<<<<

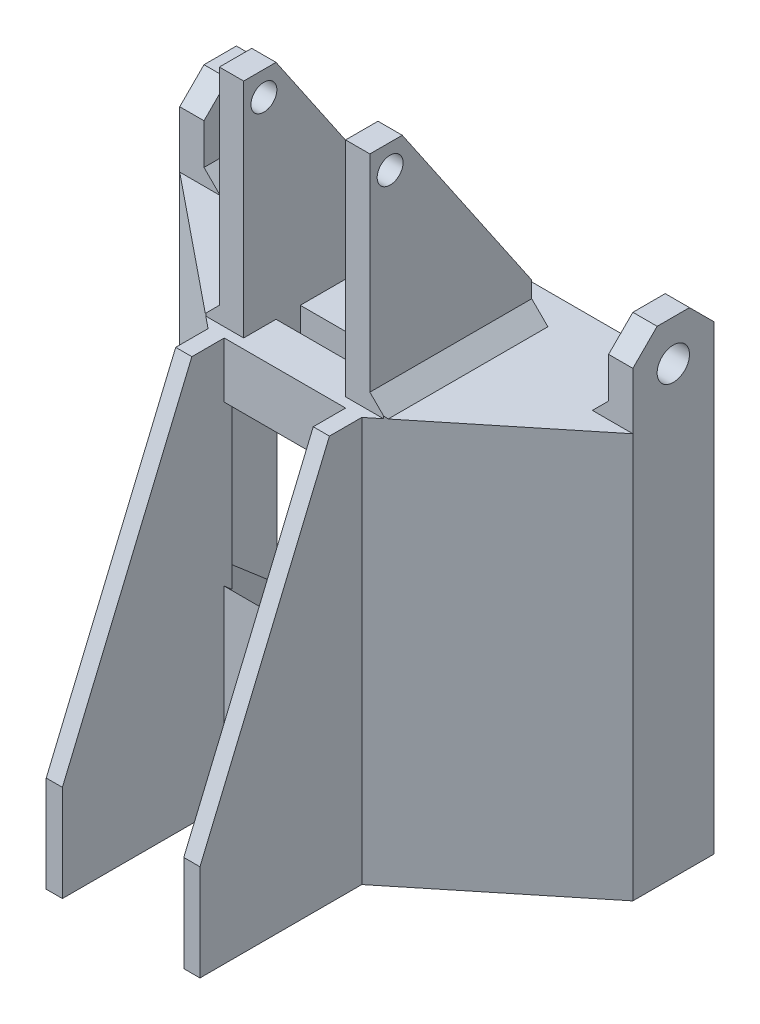
SolidWorks part; units mm, degrees
ref_plane "Alzado" through (0, 0, 0) normal (0, 0, 1) x (1, 0, 0)
ref_plane "Planta" through (0, 0, 0) normal (0, 1, 0) x (1, 0, 0)
ref_plane "Vista lateral" through (0, 0, 0) normal (1, 0, 0) x (0, 0, -1)
sketch "Croquis1" plane through (0, 0, 0) normal (0, 1, 0) x (1, 0, 0)
  line L0 (-26, 17.3913) -> (-26, 8.3445)
  line L1 (-26, 8.3445) -> (-7.5, -6.6555)
  line L2 (-7.5, -6.6555) -> (-7.5, -32.6087)
  line L3 (-7.5, -32.6087) -> (-9.5, -32.6087)
  line L4 (-9.5, -32.6087) -> (-9.5, -7.6087)
  line L5 (-9.5, -7.6087) -> (-28, 7.3913)
  line L6 (-28, 7.3913) -> (-28, 17.3913)
  line L7 (-28, 17.3913) -> (-26, 17.3913)
  line L16 (7.5, -6.6555) -> (7.5, -32.6087)
  line L17 (7.5, -32.6087) -> (9.5, -32.6087)
  line L18 (9.5, -32.6087) -> (9.5, -7.6087)
  line L19 (9.5, -7.6087) -> (28, 7.3913)
  line L20 (28, 7.3913) -> (28, 17.3913)
  line L21 (28, 17.3913) -> (26, 17.3913)
  line L22 (26, 17.3913) -> (26, 8.3445)
  line L23 (26, 8.3445) -> (7.5, -6.6555)
  line L24 (-26, 17.3913) -> (26, 17.3913) construction
  line L25 (-7.5, -32.6087) -> (7.5, -32.6087) construction
  point P10 (0, -32.6087)
  point P17 (0, 17.3913)
  dimension "D1" = 52
  dimension "D2" = 15
  dimension "D3" = 2
  dimension "D4" = 2
  dimension "D5" = 2
  dimension "D6" = 15
  dimension "D7" = 25
  dimension "D8" = 10
extrude "Saliente-Extruir1" add sketch "Croquis1" along normal blind 45
sketch "Croquis2" plane through (0, 45, 0) normal (0, 1, 0) x (1, 0, 0)
  line L0 (-9.5, -32.6087) -> (9.5, -32.6087)
  line L1 (9.5, -32.6087) -> (9.5, -7.6087)
  line L2 (9.5, -7.6087) -> (28, 7.3913)
  line L3 (28, 7.3913) -> (28, 17.3913)
  line L4 (28, 17.3913) -> (-28, 17.3913)
  line L5 (-28, 17.3913) -> (-28, 7.3913)
  line L6 (-28, 7.3913) -> (-9.5, -7.6087)
  line L7 (-9.5, -7.6087) -> (-9.5, -32.6087)
extrude "Saliente-Extruir2" add sketch "Croquis2" along normal blind 3
extrude "Saliente-Extruir3" add sketch "Croquis2<2>" against normal blind 2 from surface starting at face at (-17.75, 0, 3.6204)
sketch "Croquis2<2>" plane through (0, 45, 0) normal (0, 1, 0) x (1, 0, 0) same geometry as "Croquis2"
sketch "Croquis4" plane through (0, 48, 0) normal (0, 1, 0) x (1, 0, 0)
  line L1 (-28, 17.3913) -> (-25, 17.3913)
  line L2 (-28, 17.3913) -> (-28, 7.3913)
  line L3 (-28, 7.3913) -> (-25, 7.3913)
  line L4 (-25, 17.3913) -> (-25, 7.3913)
  line L5 (28, 17.3913) -> (25, 17.3913)
  line L6 (28, 17.3913) -> (28, 7.3913)
  line L7 (28, 7.3913) -> (25, 7.3913)
  line L8 (25, 17.3913) -> (25, 7.3913)
  dimension "D1" = 3
  dimension "D2" = 3
extrude "Saliente-Extruir4" add sketch "Croquis4" along normal blind 10
sketch "Croquis5" plane through (28, 0, 0) normal (1, 0, 0) x (0, 0, -1)
  line L0 (7.3913, 58) -> (17.3913, 58) construction
  circle A0 centre (12.3913, 53) radius 2
  dimension "D1" = 4
  dimension "D2" = 5
extrude "Cortar-Extruir1" cut sketch "Croquis5" against normal through all
chamfer "Chaflán1" distance 3 angle 45 4 edges at (-26.5, 58, -7.3913) (-26.5, 58, -17.3913) (26.5, 58, -7.3913) (26.5, 58, -17.3913)
sketch "Croquis7" plane through (9.5, 0, 0) normal (1, 0, 0) x (0, 0, -1)
  line L0 (-32.6087, -2) -> (-11.6087, 48)
  line L1 (-32.6087, 48) -> (-7.6087, 48) construction
  line L2 (-11.6087, 48) -> (-32.6087, 48)
  line L3 (-32.6087, 48) -> (-32.6087, -2)
  dimension "D1" = 4
extrude "Cortar-Extruir3" cut sketch "Croquis7" against normal through all
sketch "Croquis13" plane through (-26, 0, 0) normal (1, 0, 0) x (0, 0, -1)
  line L0 (17.3913, 45) -> (-12.8687, 45)
  line L1 (-12.8687, 45) -> (-14.9687, 40)
  line L2 (-32.6087, -2) -> (-11.6087, 48) construction
  line L3 (-14.9687, 40) -> (17.3913, 45)
  line L4 (17.3913, 0) -> (-31.7687, 0)
  line L5 (-32.6087, -2) -> (-11.6087, 48) construction
  line L6 (-31.7687, 0) -> (-18.7487, 31)
  line L7 (-18.7487, 31) -> (17.3913, 0)
  dimension "D1" = 5
  dimension "D2" = 9
extrude "Saliente-Extruir7" add sketch "Croquis13" along normal through all
sketch "Croquis6" plane through (0, -2, 0) normal (0, -1, 0) x (1, 0, 0)
  line L1 (-7.5, 27.6087) -> (7.5, 27.6087)
  line L2 (-7.5, 27.6087) -> (-7.5, 7.6087)
  line L3 (-7.5, 7.6087) -> (7.5, 7.6087)
  line L4 (7.5, 27.6087) -> (7.5, 7.6087)
  line L5 (-9.5, 32.6087) -> (-9.5, 7.6087) construction
  point P6 (0, 7.6087)
  dimension "D1" = 2
  dimension "D2" = 20
extrude "Cortar-Extruir5" cut sketch "Croquis6" against normal through all
sketch "Croquis14" plane through (0, -2, 0) normal (0, -1, 0) x (1, 0, 0)
  line L0 (-28, -7.3913) -> (-9.5, 7.6087)
  line L1 (-9.5, 7.6087) -> (-9.5, 32.6087)
  line L2 (-9.5, 32.6087) -> (-28, 32.6087)
  line L3 (-28, 32.6087) -> (-28, -7.3913)
  line L4 (28, -7.3913) -> (9.5, 7.6087)
  line L5 (9.5, 7.6087) -> (9.5, 32.6087)
  line L6 (9.5, 32.6087) -> (28, 32.6087)
  line L7 (28, 32.6087) -> (28, -7.3913)
extrude "Cortar-Extruir6" cut sketch "Croquis14" against normal through all
sketch "Croquis15" plane through (9.5, 0, 0) normal (1, 0, 0) x (0, 0, -1)
  line L0 (-27.6087, -2) -> (-27.6087, 9.9048)
  line L1 (-7.6087, -2) -> (-32.6087, -2) construction
  line L2 (-27.6087, 9.9048) -> (-32.6087, -2)
  line L3 (-32.6087, -2) -> (-27.6087, -2)
extrude "Cortar-Extruir7" cut sketch "Croquis15" against normal through all
sketch "Croquis16" plane through (0, 48, 0) normal (0, 1, 0) x (1, 0, 0)
  line L0 (7.5, -7.6087) -> (-7.5, -7.6087) construction
  line L1 (-6.3, -2.4087) -> (6.3, -2.4087)
  line L2 (-6.3, -2.4087) -> (-6.3, 0.5913)
  line L3 (-6.3, 0.5913) -> (6.3, 0.5913)
  line L4 (6.3, -2.4087) -> (6.3, 0.5913)
  line L5 (-6.3, -2.4087) -> (6.3, 0.5913) construction
  line L6 (-6.3, 0.5913) -> (6.3, -2.4087) construction
  point P0 (0, -0.9087)
  dimension "D1" = 5.2
  dimension "D2" = 3
  dimension "D3" = 12.6
extrude "Cortar-Extruir8" cut sketch "Croquis16" against normal blind 5
sketch "Croquis18" plane through (0, 48, 0) normal (0, 1, 0) x (1, 0, 0)
  line L0 (-6.3, 0.5913) -> (-6.3, 15.6495) construction
  line L1 (6.3, 0.5913) -> (6.3, 15.6495) construction
  line L3 (-6.3, -6.4087) -> (-9.3, -6.4087)
  line L4 (-6.3, -6.4087) -> (-6.3, 13.5913)
  line L5 (-6.3, 13.5913) -> (-9.3, 13.5913)
  line L6 (-9.3, -6.4087) -> (-9.3, 13.5913)
  line L7 (6.3, -6.4087) -> (9.3, -6.4087)
  line L8 (6.3, -6.4087) -> (6.3, 13.5913)
  line L9 (6.3, 13.5913) -> (9.3, 13.5913)
  line L10 (9.3, -6.4087) -> (9.3, 13.5913)
  line L11 (-6.3, 0.5913) -> (-6.3, -2.4087) construction
  line L12 (-6.3, -2.4087) -> (6.3, -2.4087) construction
  dimension "D1" = 3
  dimension "D2" = 3
  dimension "D3" = 20
  dimension "D4" = 4
extrude "Saliente-Extruir8" add sketch "Croquis18" along normal blind 27.5
sketch "Croquis19" [suppressed] plane through (0, 75.5, 0) normal (0, 1, 0) x (1, 0, 0)
  line L1 (-6.3, -6.4087) -> (6.3, -6.4087)
  line L2 (-6.3, -6.4087) -> (-6.3, -2.4087)
  line L3 (-6.3, -2.4087) -> (6.3, -2.4087)
  line L4 (6.3, -6.4087) -> (6.3, -2.4087)
sketch "Croquis20" plane through (-9.3, 0, 0) normal (-1, 0, 0) x (0, 0, 1)
  line L0 (2.4087, 75.5) -> (-13.5913, 52)
  line L1 (-13.5913, 75.5) -> (6.4087, 75.5) construction
  line L2 (-13.5913, 75.5) -> (-13.5913, 48) construction
  line L3 (-13.5913, 52) -> (-13.5913, 75.5)
  line L4 (-13.5913, 75.5) -> (2.4087, 75.5)
  line L5 (6.4087, 75.5) -> (6.4087, 48) construction
  dimension "D1" = 4
  dimension "D2" = 4
extrude "Cortar-Extruir9" cut sketch "Croquis20" against normal up to surface (18.6 mm away) up to face at (9.3, 61.75, -3.5913)
sketch "Croquis21" plane through (0, 48, 0) normal (0, 1, 0) x (1, 0, 0)
  line L1 (-2, 9.7711) -> (2, 9.7711)
  line L2 (-2, 9.7711) -> (-2, 19.7711)
  line L3 (-2, 19.7711) -> (2, 19.7711)
  line L4 (2, 9.7711) -> (2, 19.7711)
  line L5 (-2, 9.7711) -> (2, 19.7711) construction
  line L6 (-2, 19.7711) -> (2, 9.7711) construction
  point P0 (0, 14.7711)
  dimension "D1" = 4
  dimension "D2" = 10
extrude "Cortar-Extruir10" cut sketch "Croquis21" against normal blind 3
sketch "Croquis22" plane through (9.3, 0, 0) normal (1, 0, 0) x (0, 0, -1)
  line L9 (-6.4087, 75.5) -> (-6.4087, 48) construction
  circle A0 centre (-3.9087, 72.5186) radius 1.6
  dimension "D1" = 3.2
  dimension "D2" = 2.5
extrude "Cortar-Extruir11" cut sketch "Croquis22" against normal through all
chamfer "Chaflán2" distance 2 angle 45 4 edges at (25, 48, -12.3913) (-25, 48, -12.3913) (-9.3, 48, -3.5913) (9.3, 48, -3.5913)

>>>>

**Exercise:**
Could you set down, word for word, only the lines above from the line with "line L4 (6.3, -2.4087) -> (6.3, 0.5913)" to the line with "line L5 (-6.3, 13.5913) -> (-9.3, 13.5913)", including both?

**Written reply:**
  line L4 (6.3, -2.4087) -> (6.3, 0.5913)
  line L5 (-6.3, -2.4087) -> (6.3, 0.5913) construction
  line L6 (-6.3, 0.5913) -> (6.3, -2.4087) construction
  point P0 (0, -0.9087)
  dimension "D1" = 5.2
  dimension "D2" = 3
  dimension "D3" = 12.6
extrude "Cortar-Extruir8" cut sketch "Croquis16" against normal blind 5
sketch "Croquis18" plane through (0, 48, 0) normal (0, 1, 0) x (1, 0, 0)
  line L0 (-6.3, 0.5913) -> (-6.3, 15.6495) construction
  line L1 (6.3, 0.5913) -> (6.3, 15.6495) construction
  line L3 (-6.3, -6.4087) -> (-9.3, -6.4087)
  line L4 (-6.3, -6.4087) -> (-6.3, 13.5913)
  line L5 (-6.3, 13.5913) -> (-9.3, 13.5913)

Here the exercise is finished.